What to produce: Word for word, transcribe the data below from the line with "Line((20, -12.5), (19.5, -13))" to the line with "-12.576120467), (6.585786438, -12.5))", keeping both of those lines.

Dataset records
++++++++++++++++++++
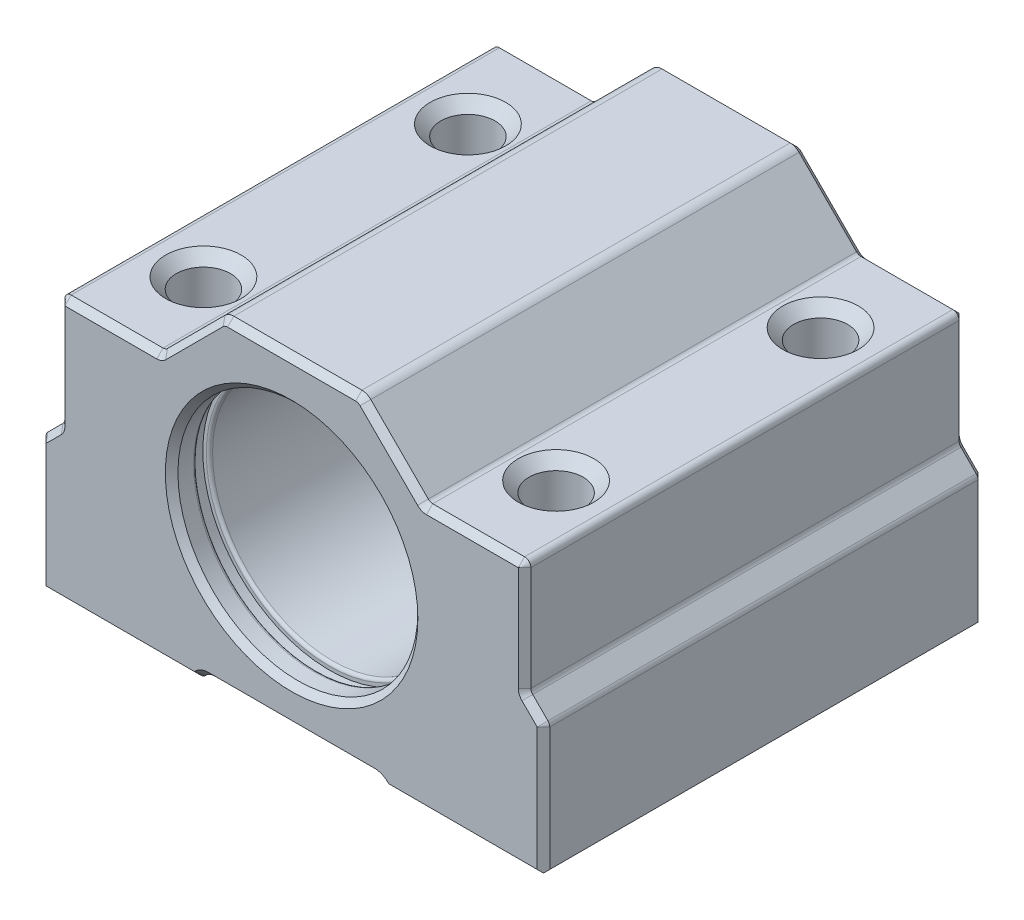
from build123d import *

# Parameters (mm, degrees)
SKETCH1_R                      = 9.525
BOSS_EXTRUDE1_DEPTH            = 35
CHAMFER2_SIZE                  = 0.5
SKETCH2_W                      = 1
SKETCH2_H                      = 0.55
FILLET2_R                      = 0.25
M5X0_8_TAPPED_HOLE1_AT_2_COUNT = 2
M5X0_8_TAPPED_HOLE1_AT_2_PITCH = 21
M5X0_8_TAPPED_HOLE1_AT_3_COUNT = 2
M5X0_8_TAPPED_HOLE1_AT_3_PITCH = 35
M5X0_8_TAPPED_HOLE1_AT_4_COUNT = 2
M5X0_8_TAPPED_HOLE1_AT_4_PITCH = 28
CHAMFER3_SIZE                  = 0.5


with BuildPart() as part:
    # Sketch1 → Boss-Extrude1 (new body)
    with BuildSketch(Plane.XY):
        with BuildLine():
            Line((18.646446609, -1.146446609), (19.853553391, -2.353553391))
            ThreePointArc((19.853553391, -2.353553391), (19.961939766, -2.515765065), (20, -2.707106781))
            Line((20, -2.707106781), (20, -12.5))
            Line((20, -12.5), (19.5, -13))
            Line((19.5, -13), (7.707106781, -13))
            ThreePointArc((7.707106781, -13), (7.515765065, -12.961939766), (7.353553391, -12.853553391))
            Line((7.353553391, -12.853553391), (7.292893219, -12.792893219))
            ThreePointArc((7.292893219, -12.792893219), (6.96846987, -12.576120467), (6.585786438, -12.5))
            Line((6.585786438, -12.5), (-6.585786438, -12.5))
            ThreePointArc((-6.585786438, -12.5), (-6.96846987, -12.576120467), (-7.292893219, -12.792893219))
            Line((-7.292893219, -12.792893219), (-7.353553391, -12.853553391))
            ThreePointArc((-7.353553391, -12.853553391), (-7.515765065, -12.961939766), (-7.707106781, -13))
            Line((-7.707106781, -13), (-19.5, -13))
            Line((-19.5, -13), (-20, -12.5))
            Line((-20, -12.5), (-20, -2.707106781))
            ThreePointArc((-20, -2.707106781), (-19.961939766, -2.515765065), (-19.853553391, -2.353553391))
            Line((-19.853553391, -2.353553391), (-18.646446609, -1.146446609))
            ThreePointArc((-18.646446609, -1.146446609), (-18.538060234, -0.984234935), (-18.5, -0.792893219))
            Line((-18.5, -0.792893219), (-18.5, 7.5))
            ThreePointArc((-18.5, 7.5), (-18.353553391, 7.853553391), (-18, 8))
            Line((-18, 8), (-10.707106781, 8))
            ThreePointArc((-10.707106781, 8), (-10.515765065, 8.038060234), (-10.353553391, 8.146446609))
            Line((-10.353553391, 8.146446609), (-5.792893219, 12.707106781))
            ThreePointArc((-5.792893219, 12.707106781), (-5.46846987, 12.923879533), (-5.085786438, 13))
            Line((-5.085786438, 13), (5.085786438, 13))
            ThreePointArc((5.085786438, 13), (5.46846987, 12.923879533), (5.792893219, 12.707106781))
            Line((5.792893219, 12.707106781), (10.353553391, 8.146446609))
            ThreePointArc((10.353553391, 8.146446609), (10.515765065, 8.038060234), (10.707106781, 8))
            Line((10.707106781, 8), (18, 8))
            ThreePointArc((18, 8), (18.353553391, 7.853553391), (18.5, 7.5))
            Line((18.5, 7.5), (18.5, -0.792893219))
            ThreePointArc((18.5, -0.792893219), (18.538060234, -0.984234935), (18.646446609, -1.146446609))
        make_face()
        with Locations(Location((0, 0, 0), (0, 0, 180))):
            Circle(SKETCH1_R, mode=Mode.SUBTRACT)
    extrude(amount=BOSS_EXTRUDE1_DEPTH)

    # Chamfer2
    chamfer2_edges = [part.edges().sort_by_distance(p)[0] for p in [
        (9.525, 0, 0),
        (9.525, 0, 35),
    ]]
    chamfer(chamfer2_edges, length=CHAMFER2_SIZE)

    # Sketch2 → Cut-Revolve1 (revolve, cut)
    with BuildSketch(Plane(origin=(0, 0, 0), x_dir=(0, 0, -1), z_dir=(1, 0, 0)), mode=Mode.PRIVATE) as cut_revolve1_sk:
        with Locations((-32.5, -9.775)):
            Rectangle(SKETCH2_W, SKETCH2_H)
        with Locations((-2.5, -9.775)):
            Rectangle(SKETCH2_W, SKETCH2_H)
    revolve(cut_revolve1_sk.sketch.rotate(Axis((0, 0, 0), (0, 0, 1)), 270), axis=Axis((0, 0, 0), (0, 0, 1)), mode=Mode.SUBTRACT)

    # Fillet2
    fillet2_edges = [part.edges().sort_by_distance(p)[0] for p in [
        (9.525, 0, 33),
        (9.525, 0, 32),
        (9.525, 0, 3),
        (9.525, 0, 2),
    ]]
    fillet(fillet2_edges, radius=FILLET2_R)

    # Sketch5 → M5x0.8 Tapped Hole1 (revolve, cut)
    with BuildSketch(Plane(origin=(-14, -13, 28), x_dir=(0, 0, -1), z_dir=(1, 0, 0))):
        Polygon((0, 0), (0, 21), (3, 21), (2.15, 20.15), (2.15, 1.35), (3.5, 0), align=None)
    m5x0_8_tapped_hole1 = revolve(axis=Axis((-14, -19.35, 28), (0, 1, 0)), mode=Mode.SUBTRACT)

    # M5x0.8 Tapped Hole1 at 2: M5x0.8 Tapped Hole1 ×2
    with Locations(*[(0, 0, -i * M5X0_8_TAPPED_HOLE1_AT_2_PITCH) for i in range(1, M5X0_8_TAPPED_HOLE1_AT_2_COUNT)]):
        add(m5x0_8_tapped_hole1, mode=Mode.SUBTRACT)

    # M5x0.8 Tapped Hole1 at 3: M5x0.8 Tapped Hole1 ×2
    with Locations(*[Vector(0.8, 0, -0.6) * (i * M5X0_8_TAPPED_HOLE1_AT_3_PITCH) for i in range(1, M5X0_8_TAPPED_HOLE1_AT_3_COUNT)]):
        add(m5x0_8_tapped_hole1, mode=Mode.SUBTRACT)

    # M5x0.8 Tapped Hole1 at 4: M5x0.8 Tapped Hole1 ×2
    with Locations(*[(i * M5X0_8_TAPPED_HOLE1_AT_4_PITCH, 0, 0) for i in range(1, M5X0_8_TAPPED_HOLE1_AT_4_COUNT)]):
        add(m5x0_8_tapped_hole1, mode=Mode.SUBTRACT)

    # Chamfer3
    chamfer3_edges = [part.edges().sort_by_distance(p)[0] for p in [
        (18.353553391, 7.853553391, 0),
        (18.5, 3.353553391, 0),
        (18.538060234, -0.984234935, 0),
        (19.25, -1.75, 0),
        (19.961939766, -2.515765065, 0),
        (20, -7.603553391, 0),
        (-20, -7.603553391, 0),
        (-19.961939766, -2.515765065, 0),
        (-19.25, -1.75, 0),
        (-18.538060234, -0.984234935, 0),
        (-18.5, 3.353553391, 0),
        (-18.353553391, 7.853553391, 0),
        (-14.353553391, 8, 0),
        (-10.515765065, 8.038060234, 0),
        (-8.073223305, 10.426776695, 0),
        (-5.46846987, 12.923879533, 0),
        (0, 13, 0),
        (5.46846987, 12.923879533, 0),
        (8.073223305, 10.426776695, 0),
        (10.515765065, 8.038060234, 0),
        (14.353553391, 8, 0),
    ]]
    chamfer(chamfer3_edges, length=CHAMFER3_SIZE - 0.0001)  # a hair under: the kernel refuses the full size
    chamfer3_2_edges = [part.edges().sort_by_distance(p)[0] for p in [
        (13.603553391, -13, 0),
        (7.515765065, -12.961939766, 0),
        (7.323223305, -12.823223305, 0),
        (6.96846987, -12.576120467, 0),
        (0, -12.5, 0),
        (-6.96846987, -12.576120467, 0),
        (-7.323223305, -12.823223305, 0),
        (-7.515765065, -12.961939766, 0),
        (-13.603553391, -13, 0),
    ]]
    chamfer(chamfer3_2_edges, length=CHAMFER3_SIZE - 0.0001)  # a hair under: the kernel refuses the full size
    chamfer3_3_edges = [part.edges().sort_by_distance(p)[0] for p in [
        (18.353553391, 7.853553391, 35),
        (18.5, 3.353553391, 35),
        (18.538060234, -0.984234935, 35),
        (19.25, -1.75, 35),
        (19.961939766, -2.515765065, 35),
        (20, -7.603553391, 35),
        (-20, -7.603553391, 35),
        (-19.961939766, -2.515765065, 35),
        (-19.25, -1.75, 35),
        (-18.538060234, -0.984234935, 35),
        (-18.5, 3.353553391, 35),
        (-18.353553391, 7.853553391, 35),
        (-14.353553391, 8, 35),
        (-10.515765065, 8.038060234, 35),
        (-8.073223305, 10.426776695, 35),
        (-5.46846987, 12.923879533, 35),
        (0, 13, 35),
        (5.46846987, 12.923879533, 35),
        (8.073223305, 10.426776695, 35),
        (10.515765065, 8.038060234, 35),
        (14.353553391, 8, 35),
    ]]
    chamfer(chamfer3_3_edges, length=CHAMFER3_SIZE - 0.0001)  # a hair under: the kernel refuses the full size
    chamfer3_4_edges = [part.edges().sort_by_distance(p)[0] for p in [
        (13.603553391, -13, 35),
        (7.515765065, -12.961939766, 35),
        (7.323223305, -12.823223305, 35),
        (6.96846987, -12.576120467, 35),
        (0, -12.5, 35),
        (-6.96846987, -12.576120467, 35),
        (-7.323223305, -12.823223305, 35),
        (-7.515765065, -12.961939766, 35),
        (-13.603553391, -13, 35),
    ]]
    chamfer(chamfer3_4_edges, length=CHAMFER3_SIZE - 0.0001)  # a hair under: the kernel refuses the full size


solid = part.part
++++++++++++++++++++
Your response:
            Line((20, -12.5), (19.5, -13))
            Line((19.5, -13), (7.707106781, -13))
            ThreePointArc((7.707106781, -13), (7.515765065, -12.961939766), (7.353553391, -12.853553391))
            Line((7.353553391, -12.853553391), (7.292893219, -12.792893219))
            ThreePointArc((7.292893219, -12.792893219), (6.96846987, -12.576120467), (6.585786438, -12.5))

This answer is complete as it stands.